Posts Tagged ‘Seroxat’

Leading psychologist says antidepressants no better than placebo—the difference is no suicidal side effects with placebo

Tuesday, August 3rd, 2010

The Daily Mail
By Professor Irving Kirsch
August 3, 2010

We spend more than £250 m a year on antidepressants in the UK – and it’s a complete waste of money.

They are not much better than sugar pills, they have nasty side – effects, such as sexual dysfunction, and they increase young people’s risk of suicide.

New research shows they don’t even work on the brain in the way we thought they did.

For years we were told depression was caused by low levels of a brain chemical called serotonin, and that antidepressants worked by boosting it.

But an Australian study published in the Archives of General Psychiatry shows that rather than low levels, depressed people might have double the normal amount in some parts of their brains.

Many people were surprised by these new findings, but I wasn’t.

I’ve been studying antidepressants for more than a decade, and I knew that if they worked at all, it wasn’t by changing brain chemistry.

The major reason you feel better when taking an antidepressant – maybe the only reason – is the placebo effect.

When I first published a paper back in 1998 saying that antidepressant drugs such as Prozac and Seroxat were not much better than a placebo, almost everyone thought it couldn’t be true.

There was so much evidence they worked. Thousands of people claimed the drugs had turned their lives round.
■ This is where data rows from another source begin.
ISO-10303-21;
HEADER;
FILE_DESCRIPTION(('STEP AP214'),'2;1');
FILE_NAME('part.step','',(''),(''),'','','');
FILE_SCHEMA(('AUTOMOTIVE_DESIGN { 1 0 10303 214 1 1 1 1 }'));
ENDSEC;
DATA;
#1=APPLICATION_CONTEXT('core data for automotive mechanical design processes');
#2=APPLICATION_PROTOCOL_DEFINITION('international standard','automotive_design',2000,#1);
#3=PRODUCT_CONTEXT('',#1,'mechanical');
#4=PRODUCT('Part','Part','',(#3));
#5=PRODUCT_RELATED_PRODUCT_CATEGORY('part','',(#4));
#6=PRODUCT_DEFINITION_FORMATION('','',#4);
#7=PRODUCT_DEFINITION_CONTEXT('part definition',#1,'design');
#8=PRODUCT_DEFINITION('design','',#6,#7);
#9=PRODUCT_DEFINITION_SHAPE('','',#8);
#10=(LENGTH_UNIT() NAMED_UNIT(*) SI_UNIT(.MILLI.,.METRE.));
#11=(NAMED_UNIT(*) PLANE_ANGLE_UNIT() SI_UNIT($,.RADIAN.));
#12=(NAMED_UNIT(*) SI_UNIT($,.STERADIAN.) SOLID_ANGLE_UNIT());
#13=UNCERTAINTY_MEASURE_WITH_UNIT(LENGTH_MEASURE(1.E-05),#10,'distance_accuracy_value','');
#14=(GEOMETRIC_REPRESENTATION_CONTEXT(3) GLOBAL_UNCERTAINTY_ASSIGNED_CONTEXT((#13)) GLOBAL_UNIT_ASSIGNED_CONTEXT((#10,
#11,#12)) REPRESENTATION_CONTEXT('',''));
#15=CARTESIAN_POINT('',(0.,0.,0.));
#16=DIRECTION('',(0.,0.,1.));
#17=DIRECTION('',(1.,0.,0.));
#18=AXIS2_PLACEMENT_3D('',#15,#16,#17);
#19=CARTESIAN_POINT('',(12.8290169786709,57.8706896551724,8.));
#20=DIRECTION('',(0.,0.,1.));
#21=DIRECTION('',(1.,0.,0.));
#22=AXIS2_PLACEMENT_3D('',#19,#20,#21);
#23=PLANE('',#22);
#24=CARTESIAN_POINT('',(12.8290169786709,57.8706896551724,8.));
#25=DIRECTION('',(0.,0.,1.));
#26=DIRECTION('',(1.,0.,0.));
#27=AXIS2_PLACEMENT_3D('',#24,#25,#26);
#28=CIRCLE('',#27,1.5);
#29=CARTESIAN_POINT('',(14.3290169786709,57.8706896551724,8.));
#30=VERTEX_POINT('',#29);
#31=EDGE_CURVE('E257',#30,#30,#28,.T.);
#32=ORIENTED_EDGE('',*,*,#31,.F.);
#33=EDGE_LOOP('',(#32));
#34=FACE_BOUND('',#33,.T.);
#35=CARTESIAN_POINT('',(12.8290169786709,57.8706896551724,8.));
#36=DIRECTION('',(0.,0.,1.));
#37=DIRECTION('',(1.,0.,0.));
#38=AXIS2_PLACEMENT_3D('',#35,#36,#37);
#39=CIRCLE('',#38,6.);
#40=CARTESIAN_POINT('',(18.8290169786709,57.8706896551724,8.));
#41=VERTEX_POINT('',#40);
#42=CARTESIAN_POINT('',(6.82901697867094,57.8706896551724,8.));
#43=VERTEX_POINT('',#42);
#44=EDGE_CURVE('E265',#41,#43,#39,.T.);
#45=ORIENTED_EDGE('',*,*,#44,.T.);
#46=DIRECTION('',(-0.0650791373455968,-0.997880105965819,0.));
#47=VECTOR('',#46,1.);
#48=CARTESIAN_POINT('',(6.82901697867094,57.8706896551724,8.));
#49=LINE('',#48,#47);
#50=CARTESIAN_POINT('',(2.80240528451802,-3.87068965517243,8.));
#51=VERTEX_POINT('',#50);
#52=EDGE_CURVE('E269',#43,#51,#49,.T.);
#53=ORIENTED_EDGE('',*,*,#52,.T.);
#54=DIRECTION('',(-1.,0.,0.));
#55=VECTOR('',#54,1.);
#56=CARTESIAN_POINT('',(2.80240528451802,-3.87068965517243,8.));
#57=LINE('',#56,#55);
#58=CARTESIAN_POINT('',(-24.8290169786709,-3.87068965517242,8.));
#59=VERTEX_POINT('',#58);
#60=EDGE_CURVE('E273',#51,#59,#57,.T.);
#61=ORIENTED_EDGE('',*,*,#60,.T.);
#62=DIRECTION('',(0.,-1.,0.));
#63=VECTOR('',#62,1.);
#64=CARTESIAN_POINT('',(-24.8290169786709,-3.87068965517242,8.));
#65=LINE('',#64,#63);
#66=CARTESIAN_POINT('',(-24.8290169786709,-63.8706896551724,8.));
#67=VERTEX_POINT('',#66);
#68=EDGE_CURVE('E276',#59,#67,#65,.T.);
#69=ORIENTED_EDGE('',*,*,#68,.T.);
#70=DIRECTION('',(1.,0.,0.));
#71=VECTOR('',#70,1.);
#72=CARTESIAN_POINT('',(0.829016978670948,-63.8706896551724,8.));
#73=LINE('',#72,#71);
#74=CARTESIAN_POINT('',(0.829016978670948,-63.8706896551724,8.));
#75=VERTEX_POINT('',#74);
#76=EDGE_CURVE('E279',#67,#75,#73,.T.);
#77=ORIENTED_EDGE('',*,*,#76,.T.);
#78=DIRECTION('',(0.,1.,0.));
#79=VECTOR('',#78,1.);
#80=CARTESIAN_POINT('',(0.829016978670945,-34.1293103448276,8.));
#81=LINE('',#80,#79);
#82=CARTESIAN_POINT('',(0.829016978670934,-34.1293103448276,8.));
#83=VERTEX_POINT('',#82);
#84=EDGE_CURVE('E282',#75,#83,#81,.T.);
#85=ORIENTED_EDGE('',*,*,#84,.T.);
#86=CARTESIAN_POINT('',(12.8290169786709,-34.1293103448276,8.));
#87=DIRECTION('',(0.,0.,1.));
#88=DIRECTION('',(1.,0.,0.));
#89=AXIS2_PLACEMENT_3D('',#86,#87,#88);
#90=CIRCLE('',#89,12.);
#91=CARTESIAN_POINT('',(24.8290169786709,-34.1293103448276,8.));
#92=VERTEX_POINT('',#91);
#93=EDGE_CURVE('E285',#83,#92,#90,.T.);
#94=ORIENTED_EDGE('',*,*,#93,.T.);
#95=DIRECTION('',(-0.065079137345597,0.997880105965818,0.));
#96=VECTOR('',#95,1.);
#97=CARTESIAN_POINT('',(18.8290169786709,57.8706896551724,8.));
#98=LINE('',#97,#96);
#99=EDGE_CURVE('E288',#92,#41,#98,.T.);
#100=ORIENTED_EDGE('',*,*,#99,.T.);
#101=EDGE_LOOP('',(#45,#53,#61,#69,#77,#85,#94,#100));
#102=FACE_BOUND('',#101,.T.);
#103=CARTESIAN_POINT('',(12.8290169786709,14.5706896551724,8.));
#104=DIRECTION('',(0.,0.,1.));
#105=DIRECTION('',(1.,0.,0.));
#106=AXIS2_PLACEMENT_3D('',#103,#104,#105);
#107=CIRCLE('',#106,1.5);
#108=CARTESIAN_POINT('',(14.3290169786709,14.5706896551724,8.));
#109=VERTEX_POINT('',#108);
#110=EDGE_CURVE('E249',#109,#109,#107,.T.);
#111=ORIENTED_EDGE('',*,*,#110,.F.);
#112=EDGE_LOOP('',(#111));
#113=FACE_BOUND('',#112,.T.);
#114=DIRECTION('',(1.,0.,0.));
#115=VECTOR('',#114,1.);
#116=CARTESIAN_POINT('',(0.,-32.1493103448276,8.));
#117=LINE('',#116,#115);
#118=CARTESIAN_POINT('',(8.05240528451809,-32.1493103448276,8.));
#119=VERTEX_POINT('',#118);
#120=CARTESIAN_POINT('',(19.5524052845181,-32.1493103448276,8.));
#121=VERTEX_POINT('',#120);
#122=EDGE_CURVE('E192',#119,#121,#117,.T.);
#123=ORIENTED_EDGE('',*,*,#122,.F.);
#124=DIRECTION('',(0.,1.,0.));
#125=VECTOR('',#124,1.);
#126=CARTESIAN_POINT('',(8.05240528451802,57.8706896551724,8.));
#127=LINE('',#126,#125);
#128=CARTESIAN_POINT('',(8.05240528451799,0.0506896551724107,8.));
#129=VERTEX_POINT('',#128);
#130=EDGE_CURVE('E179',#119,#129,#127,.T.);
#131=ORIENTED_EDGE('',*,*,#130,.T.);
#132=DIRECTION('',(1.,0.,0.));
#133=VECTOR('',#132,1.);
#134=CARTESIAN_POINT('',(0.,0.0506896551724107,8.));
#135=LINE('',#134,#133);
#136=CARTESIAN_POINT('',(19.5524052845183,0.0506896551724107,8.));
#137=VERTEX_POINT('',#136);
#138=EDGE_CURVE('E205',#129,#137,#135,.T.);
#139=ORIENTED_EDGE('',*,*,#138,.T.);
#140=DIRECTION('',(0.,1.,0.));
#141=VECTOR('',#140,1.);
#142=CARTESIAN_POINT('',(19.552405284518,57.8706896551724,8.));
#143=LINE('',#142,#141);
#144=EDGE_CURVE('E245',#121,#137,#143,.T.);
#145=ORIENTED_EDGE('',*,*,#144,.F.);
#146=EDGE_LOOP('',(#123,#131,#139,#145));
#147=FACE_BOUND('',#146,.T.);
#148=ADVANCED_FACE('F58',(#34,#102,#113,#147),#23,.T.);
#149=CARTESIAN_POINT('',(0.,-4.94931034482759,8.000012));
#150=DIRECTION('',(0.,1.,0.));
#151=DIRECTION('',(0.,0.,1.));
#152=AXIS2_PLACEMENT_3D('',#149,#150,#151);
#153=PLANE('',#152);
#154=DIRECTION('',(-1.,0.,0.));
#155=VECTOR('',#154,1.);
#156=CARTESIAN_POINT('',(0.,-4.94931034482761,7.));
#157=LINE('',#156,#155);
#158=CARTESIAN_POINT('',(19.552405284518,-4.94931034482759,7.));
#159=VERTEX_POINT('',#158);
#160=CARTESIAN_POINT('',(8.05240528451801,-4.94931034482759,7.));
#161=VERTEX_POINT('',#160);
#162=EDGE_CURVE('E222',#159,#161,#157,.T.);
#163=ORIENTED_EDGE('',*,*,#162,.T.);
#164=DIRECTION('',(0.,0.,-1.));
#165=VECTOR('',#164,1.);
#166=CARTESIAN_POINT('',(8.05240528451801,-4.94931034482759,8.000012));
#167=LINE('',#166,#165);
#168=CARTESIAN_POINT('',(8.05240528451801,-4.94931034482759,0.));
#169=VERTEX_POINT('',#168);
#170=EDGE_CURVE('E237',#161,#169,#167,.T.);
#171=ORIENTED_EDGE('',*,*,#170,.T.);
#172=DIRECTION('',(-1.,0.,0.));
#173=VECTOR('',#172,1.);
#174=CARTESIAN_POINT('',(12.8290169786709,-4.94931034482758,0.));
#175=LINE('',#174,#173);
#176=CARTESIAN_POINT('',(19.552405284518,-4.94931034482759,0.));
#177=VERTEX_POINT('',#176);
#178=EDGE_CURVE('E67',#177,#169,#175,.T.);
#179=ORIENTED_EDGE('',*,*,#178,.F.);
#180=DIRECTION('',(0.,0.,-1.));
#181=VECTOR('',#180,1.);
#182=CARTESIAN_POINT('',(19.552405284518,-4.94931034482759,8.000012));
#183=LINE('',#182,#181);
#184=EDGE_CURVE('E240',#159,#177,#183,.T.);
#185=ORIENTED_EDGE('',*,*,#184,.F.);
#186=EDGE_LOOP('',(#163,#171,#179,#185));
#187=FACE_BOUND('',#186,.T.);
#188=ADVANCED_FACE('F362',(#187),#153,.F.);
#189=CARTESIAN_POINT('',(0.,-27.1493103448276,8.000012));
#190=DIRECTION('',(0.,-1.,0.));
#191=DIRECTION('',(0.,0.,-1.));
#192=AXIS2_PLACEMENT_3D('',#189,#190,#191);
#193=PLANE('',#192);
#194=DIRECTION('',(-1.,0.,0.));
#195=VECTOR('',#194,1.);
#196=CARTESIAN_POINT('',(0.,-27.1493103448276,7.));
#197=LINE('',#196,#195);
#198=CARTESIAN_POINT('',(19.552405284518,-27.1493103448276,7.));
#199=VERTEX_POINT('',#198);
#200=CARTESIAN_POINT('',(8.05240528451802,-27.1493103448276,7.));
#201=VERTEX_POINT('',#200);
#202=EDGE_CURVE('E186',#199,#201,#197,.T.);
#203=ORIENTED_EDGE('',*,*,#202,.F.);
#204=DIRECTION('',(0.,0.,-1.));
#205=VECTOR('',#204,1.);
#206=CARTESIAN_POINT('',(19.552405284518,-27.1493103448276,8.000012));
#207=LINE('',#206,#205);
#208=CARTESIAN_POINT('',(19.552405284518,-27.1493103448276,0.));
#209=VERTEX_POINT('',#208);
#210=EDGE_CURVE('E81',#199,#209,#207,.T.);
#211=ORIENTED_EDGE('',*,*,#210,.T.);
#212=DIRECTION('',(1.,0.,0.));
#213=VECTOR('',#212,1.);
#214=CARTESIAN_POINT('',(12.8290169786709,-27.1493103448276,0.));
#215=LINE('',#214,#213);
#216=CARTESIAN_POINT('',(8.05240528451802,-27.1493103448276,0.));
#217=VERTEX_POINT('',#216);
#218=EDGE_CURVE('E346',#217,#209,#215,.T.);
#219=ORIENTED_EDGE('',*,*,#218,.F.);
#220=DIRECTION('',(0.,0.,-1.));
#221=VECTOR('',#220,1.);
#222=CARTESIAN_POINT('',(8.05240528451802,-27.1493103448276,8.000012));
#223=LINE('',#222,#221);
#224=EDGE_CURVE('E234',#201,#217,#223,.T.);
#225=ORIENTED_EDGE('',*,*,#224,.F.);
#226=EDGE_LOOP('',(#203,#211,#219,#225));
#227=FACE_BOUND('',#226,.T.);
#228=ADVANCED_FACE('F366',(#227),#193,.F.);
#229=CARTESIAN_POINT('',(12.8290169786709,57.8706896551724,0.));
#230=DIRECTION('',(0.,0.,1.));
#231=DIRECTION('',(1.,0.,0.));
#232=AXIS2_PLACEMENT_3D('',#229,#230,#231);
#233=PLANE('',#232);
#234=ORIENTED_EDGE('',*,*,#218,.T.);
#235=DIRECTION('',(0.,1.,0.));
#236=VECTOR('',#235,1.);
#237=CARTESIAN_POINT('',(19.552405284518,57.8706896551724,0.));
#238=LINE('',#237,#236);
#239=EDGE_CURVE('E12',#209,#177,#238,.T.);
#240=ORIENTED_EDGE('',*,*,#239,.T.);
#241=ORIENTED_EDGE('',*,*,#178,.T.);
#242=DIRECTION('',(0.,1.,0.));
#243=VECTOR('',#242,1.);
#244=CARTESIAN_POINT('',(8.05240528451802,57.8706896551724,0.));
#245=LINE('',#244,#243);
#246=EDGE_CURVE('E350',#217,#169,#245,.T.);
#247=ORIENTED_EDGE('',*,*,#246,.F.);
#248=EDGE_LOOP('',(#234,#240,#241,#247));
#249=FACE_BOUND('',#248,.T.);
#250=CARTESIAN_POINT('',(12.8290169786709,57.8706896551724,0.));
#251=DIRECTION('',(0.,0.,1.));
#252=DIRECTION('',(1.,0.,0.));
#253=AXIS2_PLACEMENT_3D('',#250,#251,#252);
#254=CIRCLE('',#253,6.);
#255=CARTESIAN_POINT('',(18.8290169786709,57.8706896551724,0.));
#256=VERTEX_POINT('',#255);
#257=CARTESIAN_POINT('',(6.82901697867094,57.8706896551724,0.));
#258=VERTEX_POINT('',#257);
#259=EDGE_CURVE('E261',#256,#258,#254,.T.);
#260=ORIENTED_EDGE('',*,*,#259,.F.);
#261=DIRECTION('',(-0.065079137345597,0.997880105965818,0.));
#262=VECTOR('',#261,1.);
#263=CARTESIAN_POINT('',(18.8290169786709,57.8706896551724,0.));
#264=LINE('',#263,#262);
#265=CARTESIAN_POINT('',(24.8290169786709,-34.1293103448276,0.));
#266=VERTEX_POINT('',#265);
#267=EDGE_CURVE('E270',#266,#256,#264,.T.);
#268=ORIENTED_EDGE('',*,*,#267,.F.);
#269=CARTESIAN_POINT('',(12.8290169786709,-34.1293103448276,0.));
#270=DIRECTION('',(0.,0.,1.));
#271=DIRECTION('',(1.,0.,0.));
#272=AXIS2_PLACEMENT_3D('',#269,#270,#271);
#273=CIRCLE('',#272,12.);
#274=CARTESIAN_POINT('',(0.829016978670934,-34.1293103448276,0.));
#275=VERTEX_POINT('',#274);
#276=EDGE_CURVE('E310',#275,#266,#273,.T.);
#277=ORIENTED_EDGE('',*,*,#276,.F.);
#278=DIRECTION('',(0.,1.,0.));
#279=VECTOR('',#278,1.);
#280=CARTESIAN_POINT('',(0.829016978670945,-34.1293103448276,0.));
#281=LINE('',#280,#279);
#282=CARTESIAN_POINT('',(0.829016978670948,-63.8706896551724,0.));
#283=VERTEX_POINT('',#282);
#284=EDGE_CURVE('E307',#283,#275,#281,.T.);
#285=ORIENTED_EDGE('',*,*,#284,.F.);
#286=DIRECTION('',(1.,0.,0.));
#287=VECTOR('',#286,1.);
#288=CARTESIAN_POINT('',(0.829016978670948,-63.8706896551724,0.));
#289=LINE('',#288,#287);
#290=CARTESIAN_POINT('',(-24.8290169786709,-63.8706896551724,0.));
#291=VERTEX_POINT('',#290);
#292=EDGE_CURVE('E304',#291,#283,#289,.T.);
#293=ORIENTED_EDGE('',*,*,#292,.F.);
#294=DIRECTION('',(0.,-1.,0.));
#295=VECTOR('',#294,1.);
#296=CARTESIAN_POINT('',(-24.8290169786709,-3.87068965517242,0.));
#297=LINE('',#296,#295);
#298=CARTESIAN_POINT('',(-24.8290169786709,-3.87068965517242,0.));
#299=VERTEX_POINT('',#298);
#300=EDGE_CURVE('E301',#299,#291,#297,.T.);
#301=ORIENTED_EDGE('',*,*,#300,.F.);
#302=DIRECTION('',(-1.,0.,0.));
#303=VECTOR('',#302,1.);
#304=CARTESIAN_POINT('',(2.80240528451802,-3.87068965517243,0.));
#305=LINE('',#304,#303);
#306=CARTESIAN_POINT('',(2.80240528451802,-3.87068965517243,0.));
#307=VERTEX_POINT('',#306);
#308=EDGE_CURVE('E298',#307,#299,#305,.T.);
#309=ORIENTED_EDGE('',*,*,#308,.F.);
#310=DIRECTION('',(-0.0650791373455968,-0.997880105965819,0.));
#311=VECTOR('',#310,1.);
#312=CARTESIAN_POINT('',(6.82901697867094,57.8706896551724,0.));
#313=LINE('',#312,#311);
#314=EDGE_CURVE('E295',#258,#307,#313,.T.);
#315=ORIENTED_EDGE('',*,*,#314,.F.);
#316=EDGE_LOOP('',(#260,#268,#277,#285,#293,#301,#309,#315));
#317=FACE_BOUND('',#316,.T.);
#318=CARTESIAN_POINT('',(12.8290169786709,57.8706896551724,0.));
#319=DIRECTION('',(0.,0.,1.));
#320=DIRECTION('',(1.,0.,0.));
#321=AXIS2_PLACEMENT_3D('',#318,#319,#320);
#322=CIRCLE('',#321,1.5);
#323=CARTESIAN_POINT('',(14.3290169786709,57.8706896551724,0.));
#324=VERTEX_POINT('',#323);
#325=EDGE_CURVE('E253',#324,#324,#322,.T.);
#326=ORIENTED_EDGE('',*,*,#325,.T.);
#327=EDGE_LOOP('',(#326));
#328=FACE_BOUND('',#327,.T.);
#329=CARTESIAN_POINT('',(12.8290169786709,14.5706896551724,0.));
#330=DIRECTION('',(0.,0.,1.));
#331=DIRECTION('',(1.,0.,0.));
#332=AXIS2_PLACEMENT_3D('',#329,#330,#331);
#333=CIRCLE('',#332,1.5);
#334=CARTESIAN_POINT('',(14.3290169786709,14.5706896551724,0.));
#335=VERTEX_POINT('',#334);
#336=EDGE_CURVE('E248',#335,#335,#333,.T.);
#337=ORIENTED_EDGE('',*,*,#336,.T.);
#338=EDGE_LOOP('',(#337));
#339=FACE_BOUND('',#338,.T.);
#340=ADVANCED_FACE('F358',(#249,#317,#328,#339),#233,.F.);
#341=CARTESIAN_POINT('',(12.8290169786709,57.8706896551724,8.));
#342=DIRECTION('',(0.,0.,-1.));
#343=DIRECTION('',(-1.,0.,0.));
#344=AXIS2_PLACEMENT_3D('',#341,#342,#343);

My colleagues said that I must have made a mistake: either I had looked at the wrong data, or I hadn’t analysed it properly.

In fact, what I’d done was to look at the research on antidepressants in a different way from everyone else.

Other researchers were concentrating on how much better the drugs were than a placebo.

What I was interested in was finding out how strong the placebo effect was in treating depression.

I compared the placebo effect to having no treatment at all – no one had done that before.

We already knew that placebos could have a powerful effect in conditions such as pain, angina, ulcers and asthma.

Depression was an obvious next step, because when you are depressed you lose hope, and placebos give you hope.

But I was flabbergasted by just how big the placebo effect was.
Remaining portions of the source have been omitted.